I've been looking at the Tom Bihn Brain Bag since it looks like it would be big enough to carry all my stuff and protect a laptop well (will probably pair it with the Monolith sleeve). I have alot of trouble finding bags that are big enough to carry everything I need (I forever find myself carrying stuff in my hands because it won't fit) and I seem to destroy bags fairly quickly, but this looks pretty tough, and although its expensive, if it lasts longer than most of my bags do, it would be worth it.
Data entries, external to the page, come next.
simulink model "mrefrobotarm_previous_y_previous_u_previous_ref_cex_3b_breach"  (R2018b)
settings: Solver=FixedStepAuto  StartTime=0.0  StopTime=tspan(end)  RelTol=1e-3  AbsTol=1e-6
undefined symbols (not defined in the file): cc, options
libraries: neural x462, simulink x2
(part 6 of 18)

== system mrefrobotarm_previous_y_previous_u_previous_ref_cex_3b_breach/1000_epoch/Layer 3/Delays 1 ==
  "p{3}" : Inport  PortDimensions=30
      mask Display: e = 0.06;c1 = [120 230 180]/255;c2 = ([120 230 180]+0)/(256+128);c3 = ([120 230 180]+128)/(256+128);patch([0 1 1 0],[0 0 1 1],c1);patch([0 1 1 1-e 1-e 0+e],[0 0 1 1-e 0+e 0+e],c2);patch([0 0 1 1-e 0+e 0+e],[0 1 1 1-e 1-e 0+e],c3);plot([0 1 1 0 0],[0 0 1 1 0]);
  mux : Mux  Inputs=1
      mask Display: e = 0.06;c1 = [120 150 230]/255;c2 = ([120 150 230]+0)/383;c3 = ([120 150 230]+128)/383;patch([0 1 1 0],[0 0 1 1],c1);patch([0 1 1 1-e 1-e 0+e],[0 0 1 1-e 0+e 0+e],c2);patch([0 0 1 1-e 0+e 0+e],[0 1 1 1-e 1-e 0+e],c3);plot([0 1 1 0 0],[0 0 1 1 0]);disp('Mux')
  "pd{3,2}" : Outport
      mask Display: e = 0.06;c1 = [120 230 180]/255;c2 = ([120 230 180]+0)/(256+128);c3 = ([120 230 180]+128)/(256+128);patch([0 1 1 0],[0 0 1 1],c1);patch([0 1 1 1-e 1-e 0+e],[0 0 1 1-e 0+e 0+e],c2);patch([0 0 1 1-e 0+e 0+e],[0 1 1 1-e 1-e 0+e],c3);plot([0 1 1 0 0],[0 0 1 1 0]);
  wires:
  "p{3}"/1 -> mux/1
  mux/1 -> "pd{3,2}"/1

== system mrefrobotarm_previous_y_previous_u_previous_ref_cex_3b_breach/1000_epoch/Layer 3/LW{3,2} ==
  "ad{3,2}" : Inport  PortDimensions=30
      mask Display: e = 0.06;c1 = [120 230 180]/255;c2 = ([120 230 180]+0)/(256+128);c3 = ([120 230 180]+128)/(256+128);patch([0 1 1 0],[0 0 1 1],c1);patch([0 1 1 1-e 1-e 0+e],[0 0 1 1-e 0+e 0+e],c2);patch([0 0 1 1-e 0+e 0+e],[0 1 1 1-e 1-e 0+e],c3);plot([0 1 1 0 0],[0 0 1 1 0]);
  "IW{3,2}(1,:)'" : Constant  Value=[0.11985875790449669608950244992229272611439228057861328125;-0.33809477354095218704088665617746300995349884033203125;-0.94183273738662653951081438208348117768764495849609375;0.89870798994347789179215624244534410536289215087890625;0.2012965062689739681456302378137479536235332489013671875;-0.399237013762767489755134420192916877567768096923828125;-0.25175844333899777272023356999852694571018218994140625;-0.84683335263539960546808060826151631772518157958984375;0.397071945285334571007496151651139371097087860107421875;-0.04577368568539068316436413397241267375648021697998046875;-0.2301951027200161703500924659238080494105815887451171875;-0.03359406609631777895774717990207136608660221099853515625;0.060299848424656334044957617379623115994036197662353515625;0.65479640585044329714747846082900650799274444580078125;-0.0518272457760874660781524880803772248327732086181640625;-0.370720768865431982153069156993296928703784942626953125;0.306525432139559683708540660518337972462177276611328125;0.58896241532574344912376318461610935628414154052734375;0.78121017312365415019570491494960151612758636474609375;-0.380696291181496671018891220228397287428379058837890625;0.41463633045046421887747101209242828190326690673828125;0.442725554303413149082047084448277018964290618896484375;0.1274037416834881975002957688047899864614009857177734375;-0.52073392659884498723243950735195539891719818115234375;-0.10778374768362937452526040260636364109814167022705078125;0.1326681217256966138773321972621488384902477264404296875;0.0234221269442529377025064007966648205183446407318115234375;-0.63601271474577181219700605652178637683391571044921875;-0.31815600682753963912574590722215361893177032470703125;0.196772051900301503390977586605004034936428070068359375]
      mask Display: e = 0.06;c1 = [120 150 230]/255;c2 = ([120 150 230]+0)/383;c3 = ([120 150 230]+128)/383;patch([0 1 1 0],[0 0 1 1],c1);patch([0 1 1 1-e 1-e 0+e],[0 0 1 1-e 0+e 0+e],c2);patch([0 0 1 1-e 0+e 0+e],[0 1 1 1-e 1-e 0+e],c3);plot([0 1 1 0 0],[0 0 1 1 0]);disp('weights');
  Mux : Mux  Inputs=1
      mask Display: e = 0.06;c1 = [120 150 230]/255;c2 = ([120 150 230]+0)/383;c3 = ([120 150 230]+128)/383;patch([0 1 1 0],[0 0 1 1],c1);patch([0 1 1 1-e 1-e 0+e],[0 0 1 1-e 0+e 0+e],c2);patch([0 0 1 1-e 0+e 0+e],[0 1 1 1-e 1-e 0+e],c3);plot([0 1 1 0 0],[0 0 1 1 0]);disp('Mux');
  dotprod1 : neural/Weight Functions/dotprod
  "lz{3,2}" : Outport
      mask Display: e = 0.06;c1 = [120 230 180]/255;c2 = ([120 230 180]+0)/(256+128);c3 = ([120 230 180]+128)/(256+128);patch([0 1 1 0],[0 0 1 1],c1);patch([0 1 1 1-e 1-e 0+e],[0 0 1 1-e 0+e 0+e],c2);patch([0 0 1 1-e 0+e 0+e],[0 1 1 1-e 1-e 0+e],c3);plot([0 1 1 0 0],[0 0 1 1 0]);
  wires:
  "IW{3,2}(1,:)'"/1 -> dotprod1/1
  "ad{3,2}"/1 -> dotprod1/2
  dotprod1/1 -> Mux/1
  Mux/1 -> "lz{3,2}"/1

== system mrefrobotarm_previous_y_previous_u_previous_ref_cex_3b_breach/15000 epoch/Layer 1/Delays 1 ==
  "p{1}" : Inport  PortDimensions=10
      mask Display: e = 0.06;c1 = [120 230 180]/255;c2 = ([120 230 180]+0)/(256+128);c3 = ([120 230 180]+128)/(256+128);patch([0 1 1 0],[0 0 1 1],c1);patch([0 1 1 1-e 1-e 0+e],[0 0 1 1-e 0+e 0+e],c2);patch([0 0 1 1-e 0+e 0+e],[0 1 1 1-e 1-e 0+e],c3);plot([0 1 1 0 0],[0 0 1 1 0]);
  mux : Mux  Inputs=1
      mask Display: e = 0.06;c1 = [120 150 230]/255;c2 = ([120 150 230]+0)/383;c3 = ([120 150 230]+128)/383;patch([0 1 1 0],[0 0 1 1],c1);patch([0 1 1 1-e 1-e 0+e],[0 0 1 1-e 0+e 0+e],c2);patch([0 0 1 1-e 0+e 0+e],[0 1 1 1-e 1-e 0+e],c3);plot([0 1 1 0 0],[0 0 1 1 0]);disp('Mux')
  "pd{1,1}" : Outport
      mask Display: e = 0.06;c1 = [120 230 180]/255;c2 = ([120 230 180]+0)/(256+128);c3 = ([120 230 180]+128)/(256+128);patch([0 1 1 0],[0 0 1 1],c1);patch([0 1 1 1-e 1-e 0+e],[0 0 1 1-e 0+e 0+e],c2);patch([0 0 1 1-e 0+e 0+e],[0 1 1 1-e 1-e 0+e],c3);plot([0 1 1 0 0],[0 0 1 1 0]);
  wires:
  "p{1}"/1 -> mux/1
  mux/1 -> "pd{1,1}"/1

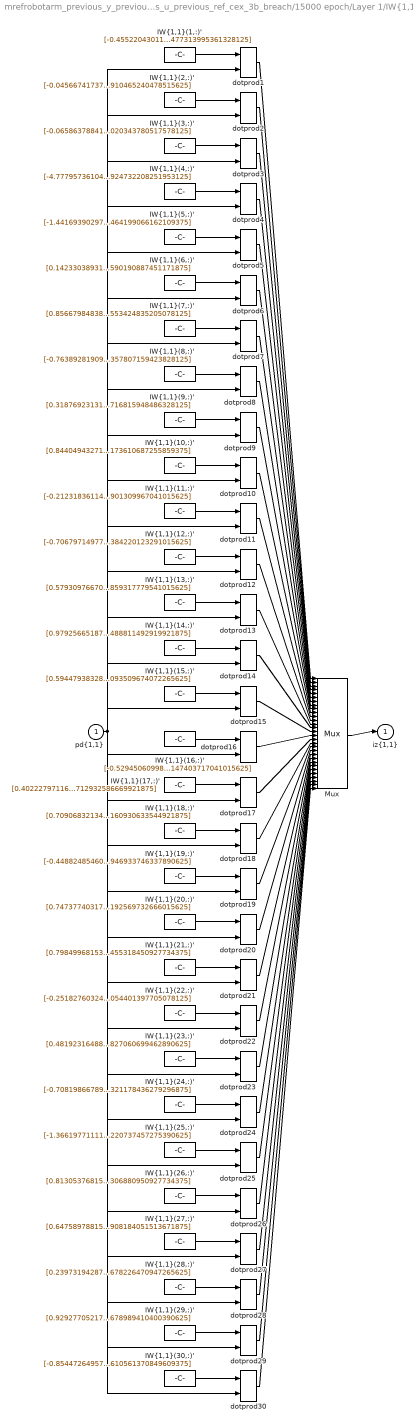
== system mrefrobotarm_previous_y_previous_u_previous_ref_cex_3b_breach/15000 epoch/Layer 1/IW{1,1} ==
  "pd{1,1}" : Inport  PortDimensions=10
      mask Display: e = 0.06;c1 = [120 230 180]/255;c2 = ([120 230 180]+0)/(256+128);c3 = ([120 230 180]+128)/(256+128);patch([0 1 1 0],[0 0 1 1],c1);patch([0 1 1 1-e 1-e 0+e],[0 0 1 1-e 0+e 0+e],c2);patch([0 0 1 1-e 0+e 0+e],[0 1 1 1-e 1-e 0+e],c3);plot([0 1 1 0 0],[0 0 1 1 0]);
  "IW{1,1}(1,:)'" : Constant  Value=[-0.455220430114593843651249471804476343095302581787109375;-2.10620377863470054080607951618731021881103515625;-0.479868449225107129851863874137052334845066070556640625;1.0055610598125543919678648308035917580127716064453125;-0.75734700576275770789180796782602556049823760986328125;0.3469225011322449869766160190920345485210418701171875;0.81470036038483695239875714833033271133899688720703125;0.4041870233089308594998101398232392966747283935546875;-0.6579959491618894151798713210155256092548370361328125;1.32415030494195651300515237380750477313995361328125]
      mask Display: e = 0.06;c1 = [120 150 230]/255;c2 = ([120 150 230]+0)/383;c3 = ([120 150 230]+128)/383;patch([0 1 1 0],[0 0 1 1],c1);patch([0 1 1 1-e 1-e 0+e],[0 0 1 1-e 0+e 0+e],c2);patch([0 0 1 1-e 0+e 0+e],[0 1 1 1-e 1-e 0+e],c3);plot([0 1 1 0 0],[0 0 1 1 0]);disp('Weights');
  "IW{1,1}(10,:)'" : Constant  Value=[0.8440494327199876689604707280523143708705902099609375;-0.75013572392803584687470674907672218978404998779296875;-0.265104932769315848606339613979798741638660430908203125;-0.7689187283703369235610125542734749615192413330078125;-0.1810488594997564371080756018272950313985347747802734375;0.2144663990194851932447051012786687351763248443603515625;-0.493659953379130322925760765429004095494747161865234375;0.433222827835198109891479134603287093341350555419921875;-1.15179403162659355075447820127010345458984375;0.06735814200090073367022114325664006173610687255859375]
      mask Display: e = 0.06;c1 = [120 150 230]/255;c2 = ([120 150 230]+0)/383;c3 = ([120 150 230]+128)/383;patch([0 1 1 0],[0 0 1 1],c1);patch([0 1 1 1-e 1-e 0+e],[0 0 1 1-e 0+e 0+e],c2);patch([0 0 1 1-e 0+e 0+e],[0 1 1 1-e 1-e 0+e],c3);plot([0 1 1 0 0],[0 0 1 1 0]);disp('Weights');
  "IW{1,1}(11,:)'" : Constant  Value=[-0.2123183611454251551453609181407955475151538848876953125;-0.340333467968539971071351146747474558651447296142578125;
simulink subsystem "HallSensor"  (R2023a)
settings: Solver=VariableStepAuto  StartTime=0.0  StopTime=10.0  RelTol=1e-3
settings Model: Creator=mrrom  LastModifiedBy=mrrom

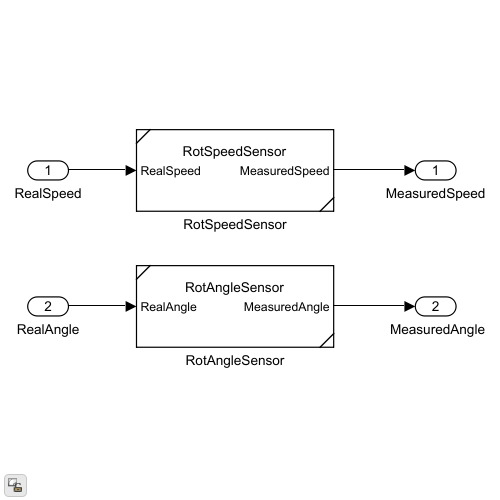
[thumbnail: Simulink's stored preview of the top-level diagram]
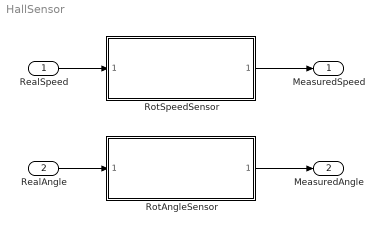
== system HallSensor ==
  RealSpeed : Inport
  RealAngle : Inport  Port=2
  RotAngleSensor : Subsystem  ReferencedSubsystem=RotAngleSensor
  RotSpeedSensor : Subsystem  ReferencedSubsystem=RotSpeedSensor
  MeasuredSpeed : Outport
  " MeasuredAngle" : Outport  Port=2
  wires:
  RealAngle/1 -> RotAngleSensor/1
  RotAngleSensor/1 -> " MeasuredAngle"/1
  RealSpeed/1 -> RotSpeedSensor/1
  RotSpeedSensor/1 -> MeasuredSpeed/1

*Basically, I'm wondering if anyone has any hands on experiene with the Brain Bag, and if so, what they think of it...construction, size, layout etc.? Also, does anyone know of anywhere to buy these in Canada? A quick search on ehMac revealed a link, www.tombihncanada.com, but the link is dead. Any help would be great, thanks in advance! *


----------



## RicktheChemist (Jul 18, 2001)

.


----------



## VNJ85 (Feb 24, 2006)

Check out the Heys "epac" bags. I have one Its got beautiful laptop compartment plus plenty of room in the main parts. Really its a 5 star bag.


----------



## iMatvei (Apr 4, 2000)

Love my Smart Alec backpack also. It is really nice and would buy another one if it was stolen "god forbid".

I also have the Monolith inside for my Ibook and a Em2 for my mini.


----------



## holy1 (Sep 14, 2003)

I second the heys epac. Best laptop bag I've had.


----------



## CN (Sep 3, 2004)

Thanks for the input! Heys makes some cool bags (although their site is brutal on dial up :lmao: ) but I don't think its quite big enough for my uses.


----------



## bandersnatch (Dec 26, 2004)

There's this company out of SF that makes bags like these and they're madly popular with the local bike couriers. I've forgotten the name and google hasn't helped in finding them. Any ideas, folks?


----------



## jasonwood (Oct 19, 2003)

bandersnatch said:


> There's this company out of SF that makes bags like these and they're madly popular with the local bike couriers. I've forgotten the name and google hasn't helped in finding them. Any ideas, folks?


I believe you're referring to Timbuk2

I'm a Crumpler fan, myself.


----------



## bandersnatch (Dec 26, 2004)

jasonwood said:


> I believe you're referring to Timbuk2
> 
> I'm a Crumpler fan, myself.


yes, this was them! thank you so much, friend.


----------